8.1.1. Basic Example

Consider the following linear MPC problem with lower and upper bounds on state and inputs, and a terminal cost term:

\begin{align*} \text{minimize} \quad & x_N^\top P x_N + \sum_{i=0}^{N-1} x_i^\top Q x_i + u_i^\top R u_i \\ \text{subject to} \quad & x_0 = {\color{red} x} \\ & x_{i+1} = A x_i + B u_i \\ & \underline{x} \leq x_i \leq \bar{x} \\ & \underline{u} \leq u_i \leq \bar{u} \end{align*}

This problem is parametric in the initial state \(\color{red} x\) and the first input \(u_0\) is typically applied to the system after a solution has been obtained. The following code generates a function that takes \(-Ax\) as a calling argument and returns \(u_0\), which can then be applied to the system.

Here is the Matlab code:

%% FORCES multistage form
% assume variable ordering zi = [ui, xi+1] for i=1...N-1

stages = MultistageProblem(N); % get stages struct of length N

for i = 1:N

        % dimension
        stages(i).dims.n = nx+nu; % number of stage variables
        stages(i).dims.r = nx;    % number of equality constraints
        stages(i).dims.l = nx+nu; % number of lower bounds
        stages(i).dims.u = nx+nu; % number of upper bounds

        % cost
        if( i == N )
                stages(i).cost.H = blkdiag(R,P); % terminal cost (Hessian)
        else
                stages(i).cost.H = blkdiag(R,Q);
        end
        stages(i).cost.f = zeros(nx+nu,1); % linear cost terms

        % lower bounds
        stages(i).ineq.b.lbidx = 1:(nu+nx); % lower bound acts on these indices
        stages(i).ineq.b.lb = [umin; xmin]; % lower bound for this stage variable

        % upper bounds
        stages(i).ineq.b.ubidx = 1:(nu+nx); % upper bound acts on these indices
        stages(i).ineq.b.ub = [umax; xmax]; % upper bound for this stage variable

        % equality constraints
        if( i < N )
                 stages(i).eq.C = [zeros(nx,nu), A];
        end
        if( i>1 )
                 stages(i).eq.c = zeros(nx,1);
        end
        stages(i).eq.D = [B, -eye(nx)];
end

% RHS of first eq. constr. is a parameter: stages(1).eq.c = -A*x0
params(1) = newParam('minusA_times_x0',1,'eq.c');

You can download the Matlab code of this example to try it out for yourself by clicking here.

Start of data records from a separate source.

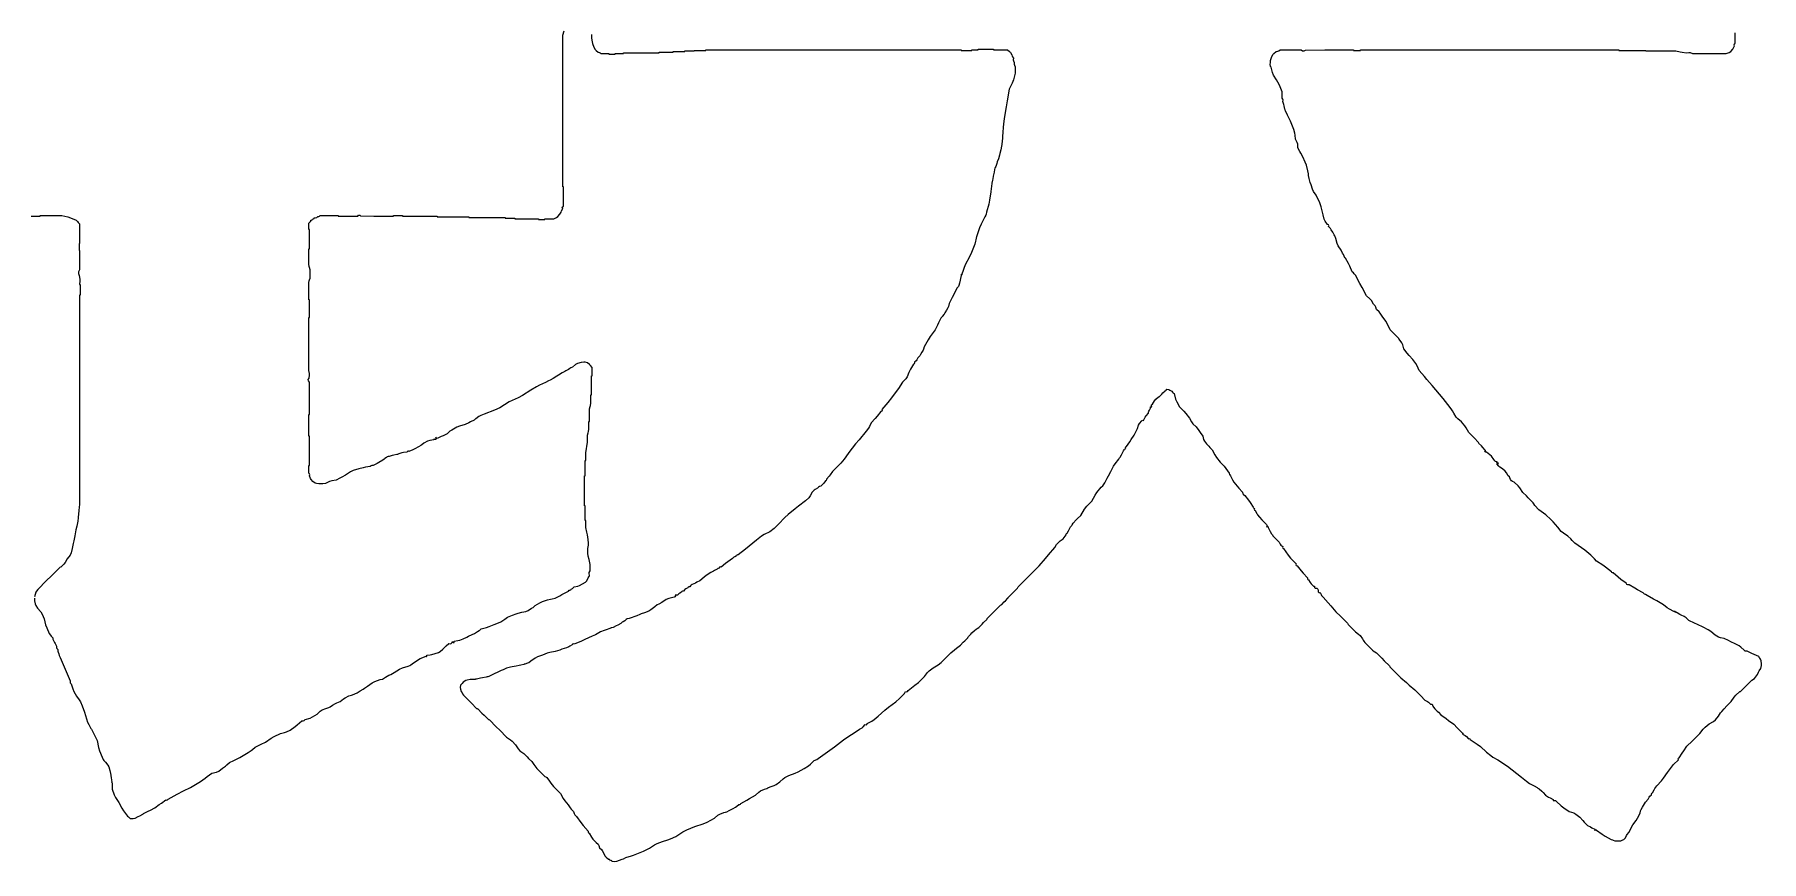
# Model space of a CAD drawing. Extents: x -2876908 to 633791, y -1383861 to 872234.
# Drawn here: x -1139282 to -1137500, y -210139 to -209285 of the extents above; entities that cross this region are included whole.
import ezdxf
from ezdxf.enums import TextEntityAlignment as Align

# ---------------------------------------------------------------- set-up
doc = ezdxf.new("R2010")
doc.units = 0
doc.header["$LTSCALE"] = 5
doc.header["$MEASUREMENT"] = 0
doc.layers.get('0').update_dxf_attribs({"linetype": 'CONTINUOUS', "lineweight": 25})
doc.layers.add('HFZT', color=5, linetype='CONTINUOUS', lineweight=15)
doc.styles.add('TSSD_NORM', font='tssdeng.shx', dxfattribs={"width": 0.7, "bigfont": 'hztxt.shx'})

# ---------------------------------------------------------------- blocks, each defined once
blk = doc.blocks.new('z')
for points in [[(300114.76, 23887.28), (300114.76, 23885.36), (300115.1, 23883.55), (300115.32, 23882.64), (300115.88, 23880.88), (300116.6, 23879.72), (300117.07, 23879.19), (300118.12, 23878.32), (300118.75, 23878.26), (300119.1, 23878.11), (300119.56, 23877.68), (300121.1, 23877.68), (300121.86, 23877.68), (300123.4, 23877.68), (300123.4, 23877.55), (300123.4, 23877.49), (300123.4, 23877.36), (300124.68, 23877.36), (300125.32, 23877.36), (300126.6, 23877.36), (300126.6, 23877.49), (300126.6, 23877.55), (300126.6, 23877.68), (300128.27, 23877.68), (300129.1, 23877.68), (300130.76, 23877.68), (300130.76, 23877.81), (300130.76, 23877.87), (300130.76, 23878), (300137.93, 23878), (300141.52, 23878), (300148.69, 23878), (300148.69, 23878.13), (300148.69, 23878.19), (300148.69, 23878.32), (300151.5, 23878.32), (300152.91, 23878.32), (300155.73, 23878.32), (300155.73, 23878.45), (300155.73, 23878.51), (300155.73, 23878.64), (300158.03, 23878.64), (300159.18, 23878.64), (300161.49, 23878.64), (300161.49, 23878.77), (300161.49, 23878.83), (300161.49, 23878.96), (300163.41, 23878.96), (300164.37, 23878.96), (300166.29, 23878.96), (300166.29, 23879.09), (300166.29, 23879.15), (300166.29, 23879.28), (300168.59, 23879.28), (300169.75, 23879.28), (300172.05, 23879.28), (300172.05, 23879.41), (300172.05, 23879.47), (300172.05, 23879.6), (300223.26, 23879.6), (300248.87, 23879.6), (300300.08, 23879.6), (300300.08, 23879.47), (300300.08, 23879.41), (300300.08, 23879.28), (300302.26, 23879.28), (300303.34, 23879.28), (300305.52, 23879.28), (300305.52, 23879.41), (300305.52, 23879.47), (300305.52, 23879.6), (300306.8, 23879.6), (300307.44, 23879.6), (300308.72, 23879.6), (300308.72, 23879.73), (300308.72, 23879.79), (300308.72, 23879.92), (300311.79, 23879.92), (300313.33, 23879.92), (300316.4, 23879.92), (300316.4, 23879.79), (300316.4, 23879.73), (300316.4, 23879.6), (300319.22, 23879.6), (300320.63, 23879.6), (300323.45, 23879.6), (300324.46, 23878.76), (300324.91, 23878.21), (300325.53, 23877.04), (300325.69, 23876.34), (300325.87, 23875.99), (300326.33, 23875.44), (300326.28, 23874.52), (300326.39, 23874.02), (300326.81, 23873.2), (300326.81, 23872.28), (300326.91, 23871.8), (300327.29, 23870.96), (300327.29, 23869.68), (300327.29, 23869.04), (300327.29, 23867.76), (300326.37, 23864.46), (300325.75, 23862.83), (300324.25, 23859.76), (300323.18, 23853.88), (300322.67, 23850.93), (300321.69, 23845.03), (300321.43, 23842.22), (300321.3, 23840.81), (300321.04, 23837.99), (300320.98, 23837.29), (300320.95, 23836.94), (300320.88, 23836.23), (300320.88, 23835.72), (300320.88, 23835.46), (300320.88, 23834.95), (300320.82, 23834.5), (300320.79, 23834.28), (300320.72, 23833.83), (300320.47, 23832.04), (300320.34, 23831.14), (300320.08, 23829.35), (300319.59, 23827.55), (300319.33, 23826.66), (300318.8, 23824.87), (300318.29, 23823.33), (300318.04, 23822.56), (300317.52, 23821.03), (300317.17, 23820.44), (300317.03, 23820.1), (300316.88, 23819.43), (300316.63, 23818.15), (300316.5, 23817.51), (300316.24, 23816.23), (300315.99, 23814.82), (300315.87, 23814.11), (300315.6, 23812.71), (300315.35, 23810.91), (300315.22, 23810.02), (300314.96, 23808.23), (300314.43, 23804.14), (300314.01, 23802.1), (300312.88, 23798.14), (300312.71, 23797.15), (300312.54, 23796.64), (300312.08, 23795.74), (300310.21, 23792.09), (300309.4, 23790.18), (300308.08, 23786.3), (300308.02, 23786.11), (300307.99, 23786.01), (300307.92, 23785.82), (300307.54, 23784.28), (300307.35, 23783.52), (300306.96, 23781.98), (300305.28, 23777.78), (300304.32, 23775.72), (300302.16, 23771.74), (300301.52, 23769.82), (300301.2, 23768.86), (300300.56, 23766.94), (300300.5, 23766.74), (300300.46, 23766.65), (300300.4, 23766.46), (300300.4, 23766.65), (300300.4, 23766.74), (300300.4, 23766.94), (300300.34, 23766.68), (300300.3, 23766.55), (300300.24, 23766.3), (300299.86, 23764.76), (300299.66, 23763.99), (300299.28, 23762.45), (300299.03, 23761.34), (300298.74, 23760.77), (300298, 23759.89), (300296.46, 23756.82), (300295.69, 23755.29), (300294.16, 23752.21), (300293.77, 23750.8), (300293.47, 23750.11), (300292.72, 23748.85), (300292, 23747.57), (300291.58, 23746.95), (300290.64, 23745.81), (300290.47, 23745.38), (300290.33, 23745.17), (300290, 23744.85), (300288.85, 23742.55), (300288.27, 23741.39), (300287.12, 23739.09), (300284.68, 23735.77), (300283.55, 23734.03), (300281.52, 23730.45), (300281.32, 23729.35), (300281.07, 23728.78), (300280.4, 23727.89), (300279.79, 23726.64), (300279.39, 23726.04), (300278.48, 23725.01), (300277.97, 23723.98), (300277.59, 23723.5), (300276.71, 23722.77), (300276.79, 23722.34), (300276.62, 23722), (300276.23, 23721.81), (300275.19, 23720.23), (300274.74, 23719.38), (300273.99, 23717.64), (300273.02, 23715.55), (300272.35, 23714.55), (300270.79, 23712.84), (300268.69, 23709.61), (300267.56, 23708.04), (300265.19, 23705), (300263.34, 23702.58), (300262.38, 23701.39), (300260.39, 23699.08), (300260.46, 23698.66), (300260.29, 23698.32), (300259.91, 23698.12), (300258.11, 23695.67), (300257.1, 23694.51), (300254.95, 23692.36), (300254.22, 23690.58), (300253.72, 23689.72), (300252.55, 23688.2), (300249, 23683.93), (300247.24, 23681.79), (300243.75, 23677.48), (300242.27, 23675.27), (300241.47, 23674.21), (300239.75, 23672.19), (300238.08, 23670.53), (300237.25, 23669.7), (300235.59, 23668.03), (300234.54, 23666.38), (300233.92, 23665.59), (300232.55, 23664.19), (300232.62, 23663.77), (300232.45, 23663.43), (300232.06, 23663.23), (300231.33, 23662.09), (300230.86, 23661.55), (300229.82, 23660.67), (300229.03, 23660.4), (300228.64, 23660.15), (300228.06, 23659.55), (300226.93, 23658.96), (300226.39, 23658.56), (300225.5, 23657.63), (300224.41, 23655.74), (300223.71, 23654.84), (300222.14, 23653.31), (300218.62, 23650.57), (300216.85, 23649.19), (300213.34, 23646.43), (300211.74, 23644.83), (300210.94, 23644.03), (300209.34, 23642.43), (300207.45, 23640.36), (300206.41, 23639.38), (300204.22, 23637.63), (300201.35, 23636.3), (300199.96, 23635.45), (300197.5, 23633.47), (300193.83, 23630.54), (300192.01, 23629.07), (300188.38, 23626.1), (300187.95, 23626.18), (300187.61, 23626.01), (300187.42, 23625.62), (300186.59, 23625.21), (300186.2, 23624.94), (300185.49, 23624.34), (300183.18, 23622.63), (300182.03, 23621.76), (300179.73, 23620.02), (300179.31, 23620.1), (300178.97, 23619.93), (300178.77, 23619.54), (300178.34, 23619.38), (300178.13, 23619.24), (300177.81, 23618.9), (300176.53, 23618.26), (300175.89, 23617.94), (300174.61, 23617.3), (300172.34, 23615.77), (300171.25, 23614.93), (300169.17, 23613.14), (300167.63, 23612.37), (300166.87, 23611.99), (300165.33, 23611.22), (300164.74, 23610.89), (300164.46, 23610.65), (300164.05, 23610.1), (300163.63, 23610.17), (300163.28, 23610), (300163.09, 23609.62), (300162.07, 23609.12), (300161.58, 23608.73), (300160.85, 23607.86), (300160.43, 23607.93), (300160.08, 23607.76), (300159.89, 23607.38), (300159.04, 23606.94), (300158.63, 23606.63), (300157.97, 23605.94), (300157.46, 23605.94), (300157.2, 23605.94), (300156.69, 23605.94), (300156.81, 23605.53), (300156.61, 23605.13), (300156.21, 23604.98), (300153.58, 23604.28), (300152.27, 23603.71), (300149.97, 23602.26), (300148.5, 23601.47), (300147.78, 23601.02), (300146.45, 23600.02), (300144.6, 23598.57), (300143.52, 23597.97), (300141.32, 23597.14), (300139.74, 23596.61), (300138.97, 23596.29), (300137.48, 23595.54), (300135.95, 23595.03), (300135.18, 23594.77), (300133.64, 23594.26), (300132.65, 23593.97), (300132.15, 23593.69), (300131.4, 23592.98), (300130.57, 23592.57), (300130.17, 23592.31), (300129.48, 23591.7), (300127.95, 23590.93), (300127.18, 23590.54), (300125.64, 23589.78), (300124.98, 23589.58), (300124.66, 23589.45), (300124.04, 23589.14), (300122.12, 23588.5), (300121.16, 23588.18), (300119.24, 23587.54), (300117.65, 23586.51), (300116.81, 23586.06), (300115.08, 23585.3), (300111.49, 23583.7), (300109.7, 23582.9), (300106.12, 23581.29), (300105.68, 23581.45), (300105.29, 23581.34), (300105, 23580.97), (300103.95, 23580.33), (300103.4, 23580.04), (300102.28, 23579.53), (300099.97, 23578.77), (300098.82, 23578.38), (300096.51, 23577.61), (300093.9, 23577.14), (300092.6, 23576.78), (300090.11, 23575.85), (300087.67, 23574.96), (300086.47, 23574.33), (300084.35, 23572.81), (300083.26, 23572.03), (300082.61, 23571.72), (300081.31, 23571.37), (300081.12, 23571.31), (300081.02, 23571.28), (300080.83, 23571.21), (300079.3, 23570.83), (300078.53, 23570.64), (300076.99, 23570.25), (300075.06, 23569.95), (300074.09, 23569.76), (300072.19, 23569.29), (300070.4, 23568.52), (300069.5, 23568.13), (300067.71, 23567.37), (300065.92, 23566.48), (300065.02, 23566.03), (300063.23, 23565.13), (300062.74, 23564.94), (300062.47, 23564.87), (300061.95, 23564.81), (300060.03, 23564.43), (300059.07, 23564.23), (300057.15, 23563.85), (300056.83, 23563.79), (300056.67, 23563.75), (300056.35, 23563.69), (300055.39, 23563.69), (300054.91, 23563.69), (300053.95, 23563.69), (300052.46, 23563.35), (300051.72, 23563.05), (300050.42, 23562.25), (300049.93, 23561.66), (300049.67, 23561.37), (300049.14, 23560.81), (300048.97, 23559.54), (300049.04, 23558.82), (300049.46, 23557.61), (300049.91, 23556.84), (300050.14, 23556.46), (300050.58, 23555.69), (300053.21, 23553.06), (300054.52, 23551.75), (300057.15, 23549.13), (300057.4, 23549), (300057.53, 23548.94), (300057.79, 23548.81), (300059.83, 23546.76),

And here’s the Python code:

# FORCES multistage form
# assume variable ordering zi = [ui, xi+1] for i=1...N-1

stages = MultistageProblem(N) # get stages struct of length N

for i in range(N):

         # dimension
        stages.dims[ i ]['n'] = nx+nu # number of stage variables
        stages.dims[ i ]['r'] = nx    # number of equality constraints
        stages.dims[ i ]['l'] = nx+nu # number of lower bounds
        stages.dims[ i ]['u'] = nx+nu # number of upper bounds

        # cost
        if ( i == N-1 ):
                stages.cost[ i ]['H'] = np.vstack((np.hstack((R,np.zeros((nu,nx)))),np.hstack((np.zeros((nx,nu)),P))))
        else:
                stages.cost[ i ]['H'] = np.vstack((np.hstack((R,np.zeros((nu,nx)))),np.hstack((np.zeros((nx,nu)),Q))))
        stages.cost[ i ]['f'] = np.zeros((nx+nu,1)) # linear cost terms

        # lower bounds
        stages.ineq[ i ]['b']['lbidx'] = range(1,nu+nx+1) # lower bound acts on these indices
        stages.ineq[ i ]['b']['lb'] = np.concatenate((umin,xmin),0) # lower bound for this stage variable

        # upper bounds
        stages.ineq[ i ]['b']['ubidx'] = range(1,nu+nx+1)  # upper bound acts on these indices
        stages.ineq[ i ]['b']['ub'] = np.concatenate((umax,xmax),0) # upper bound for this stage variable

        # equality constraints
        if ( i < N-1 ):
                 stages.eq[i]['C'] = np.hstack((np.zeros((nx,nu)),A))
        if ( i>0 ):
                 stages.eq[i]['c'] = np.zeros((nx,1))
        stages.eq[i]['D'] = np.hstack((B,-np.eye(nx)))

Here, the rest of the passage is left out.